● **What is required**: Once you find the line with "#4724 = PLANE" in the entries below, return exactly every line from it through the line with "#6591 = CARTESIAN_POINT".

[Records from a dataset]
-=-=-

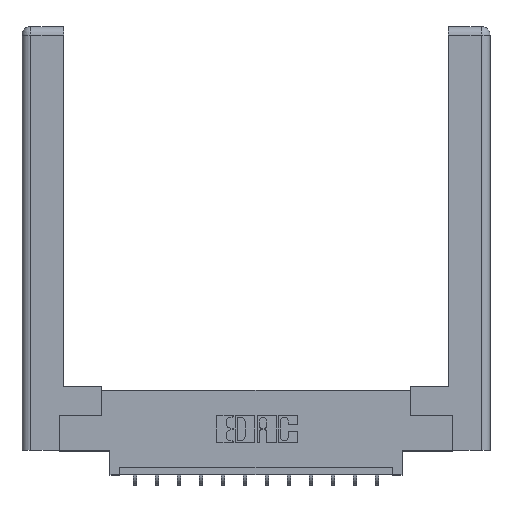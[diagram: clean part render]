
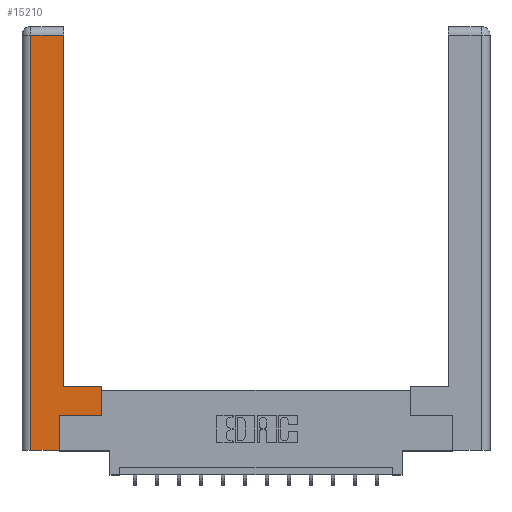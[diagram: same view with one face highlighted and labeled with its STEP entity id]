
A CAD part, top view. The second image highlights one B-rep face of the part: STEP entity #15210.
In plain terms, the highlighted planar face has unit normal (0, 0, 1).
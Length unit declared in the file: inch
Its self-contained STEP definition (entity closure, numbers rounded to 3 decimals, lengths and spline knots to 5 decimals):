
#181 = CARTESIAN_POINT ( 'NONE',  ( 0.565, 0.245, 0. ) ) ;
#193 = VECTOR ( 'NONE', #2213, 39.37008 ) ;
#511 = VECTOR ( 'NONE', #4687, 39.37008 ) ;
#931 = ORIENTED_EDGE ( 'NONE', *, *, #4737, .T. ) ;
#933 = VECTOR ( 'NONE', #12798, 39.37008 ) ;
#1021 = EDGE_CURVE ( 'NONE', #7247, #12092, #8848, .T. ) ;
#1034 = CARTESIAN_POINT ( 'NONE',  ( 0.565, 0.45, 0. ) ) ;
#1474 = LINE ( 'NONE', #13978, #933 ) ;
#1502 = VECTOR ( 'NONE', #4578, 39.37008 ) ;
#1555 = EDGE_CURVE ( 'NONE', #10537, #13205, #1474, .T. ) ;
#2213 = DIRECTION ( 'NONE',  ( 1., 0., 0. ) ) ;
#2220 = CARTESIAN_POINT ( 'NONE',  ( 0.265, 0.245, 0. ) ) ;
#2419 = VERTEX_POINT ( 'NONE', #4898 ) ;
#2436 = DIRECTION ( 'NONE',  ( 0., 1., 0. ) ) ;
#2579 = VECTOR ( 'NONE', #7513, 39.37008 ) ;
#2793 = VERTEX_POINT ( 'NONE', #13823 ) ;
#3303 = CARTESIAN_POINT ( 'NONE',  ( 0.295, 0.45, 0. ) ) ;
#3397 = LINE ( 'NONE', #14356, #7008 ) ;
#3539 = CARTESIAN_POINT ( 'NONE',  ( 0., 0., 0. ) ) ;
#4578 = DIRECTION ( 'NONE',  ( -1., 0., 0. ) ) ;
#4687 = DIRECTION ( 'NONE',  ( 0., 1., 0. ) ) ;
#4724 = PLANE ( 'NONE',  #15152 ) ;
#4731 = ORIENTED_EDGE ( 'NONE', *, *, #1021, .T. ) ;
#4737 = EDGE_CURVE ( 'NONE', #2419, #2793, #10113, .T. ) ;
#4781 = DIRECTION ( 'NONE',  ( 0., 0., -1. ) ) ;
#4898 = CARTESIAN_POINT ( 'NONE',  ( 0.265, 0., 0. ) ) ;
#5904 = DIRECTION ( 'NONE',  ( -1., 0., 0. ) ) ;
#6591 = CARTESIAN_POINT ( 'NONE',  ( 0.565, 0.245, 0. ) ) ;
#6920 = EDGE_CURVE ( 'NONE', #7308, #10537, #14970, .T. ) ;
#6934 = EDGE_LOOP ( 'NONE', ( #8436, #13848, #10924, #10979, #931, #9871, #14118, #4731 ) ) ;
#7008 = VECTOR ( 'NONE', #15472, 39.37008 ) ;
#7054 = DIRECTION ( 'NONE',  ( -1., 0., 0. ) ) ;
#7247 = VERTEX_POINT ( 'NONE', #1034 ) ;
#7308 = VERTEX_POINT ( 'NONE', #8970 ) ;
#7513 = DIRECTION ( 'NONE',  ( 1., 0., 0. ) ) ;
#8436 = ORIENTED_EDGE ( 'NONE', *, *, #15225, .T. ) ;
#8848 = LINE ( 'NONE', #3303, #1502 ) ;
#8970 = CARTESIAN_POINT ( 'NONE',  ( 0.295, 2.94, 0. ) ) ;
#9792 = CARTESIAN_POINT ( 'NONE',  ( 0.565, 0.45, 0. ) ) ;
#9871 = ORIENTED_EDGE ( 'NONE', *, *, #10807, .T. ) ;
#10113 = LINE ( 'NONE', #2220, #511 ) ;
#10510 = VERTEX_POINT ( 'NONE', #6591 ) ;
#10537 = VERTEX_POINT ( 'NONE', #12858 ) ;
#10807 = EDGE_CURVE ( 'NONE', #2793, #10510, #14721, .T. ) ;
#10924 = ORIENTED_EDGE ( 'NONE', *, *, #1555, .T. ) ;
#10979 = ORIENTED_EDGE ( 'NONE', *, *, #15612, .T. ) ;
#11733 = VECTOR ( 'NONE', #7054, 39.37008 ) ;
#12092 = VERTEX_POINT ( 'NONE', #12484 ) ;
#12112 = CARTESIAN_POINT ( 'NONE',  ( 0.0615, 2.94, 0. ) ) ;
#12484 = CARTESIAN_POINT ( 'NONE',  ( 0.295, 0.45, 0. ) ) ;
#12798 = DIRECTION ( 'NONE',  ( 0., -1., 0. ) ) ;
#12858 = CARTESIAN_POINT ( 'NONE',  ( 0.0615, 2.94, 0. ) ) ;
#13074 = LINE ( 'NONE', #9792, #15381 ) ;
#13205 = VERTEX_POINT ( 'NONE', #15101 ) ;
#13437 = FACE_OUTER_BOUND ( 'NONE', #6934, .T. ) ;
#13613 = LINE ( 'NONE', #14476, #193 ) ;
#13689 = EDGE_CURVE ( 'NONE', #10510, #7247, #13074, .T. ) ;
#13823 = CARTESIAN_POINT ( 'NONE',  ( 0.265, 0.245, 0. ) ) ;
#13848 = ORIENTED_EDGE ( 'NONE', *, *, #6920, .T. ) ;
#13978 = CARTESIAN_POINT ( 'NONE',  ( 0.0615, 0., 0. ) ) ;
#14118 = ORIENTED_EDGE ( 'NONE', *, *, #13689, .T. ) ;
#14356 = CARTESIAN_POINT ( 'NONE',  ( 0.295, 3., 0. ) ) ;
#14476 = CARTESIAN_POINT ( 'NONE',  ( 0.265, 0., 0. ) ) ;
#14721 = LINE ( 'NONE', #181, #2579 ) ;
#14970 = LINE ( 'NONE', #12112, #11733 ) ;
#15101 = CARTESIAN_POINT ( 'NONE',  ( 0.0615, 0., 0. ) ) ;
#15152 = AXIS2_PLACEMENT_3D ( 'NONE', #3539, #4781, #5904 ) ;
#15210 = ADVANCED_FACE ( 'NONE', ( #13437 ), #4724, .F. ) ;
#15225 = EDGE_CURVE ( 'NONE', #12092, #7308, #3397, .T. ) ;
#15381 = VECTOR ( 'NONE', #2436, 39.37008 ) ;
#15472 = DIRECTION ( 'NONE',  ( 0., 1., 0. ) ) ;
#15612 = EDGE_CURVE ( 'NONE', #13205, #2419, #13613, .T. ) ;

-=-=-

● **Exercise output**:
#4724 = PLANE ( 'NONE',  #15152 ) ;
#4731 = ORIENTED_EDGE ( 'NONE', *, *, #1021, .T. ) ;
#4737 = EDGE_CURVE ( 'NONE', #2419, #2793, #10113, .T. ) ;
#4781 = DIRECTION ( 'NONE',  ( 0., 0., -1. ) ) ;
#4898 = CARTESIAN_POINT ( 'NONE',  ( 0.265, 0., 0. ) ) ;
#5904 = DIRECTION ( 'NONE',  ( -1., 0., 0. ) ) ;
#6591 = CARTESIAN_POINT ( 'NONE',  ( 0.565, 0.245, 0. ) ) ;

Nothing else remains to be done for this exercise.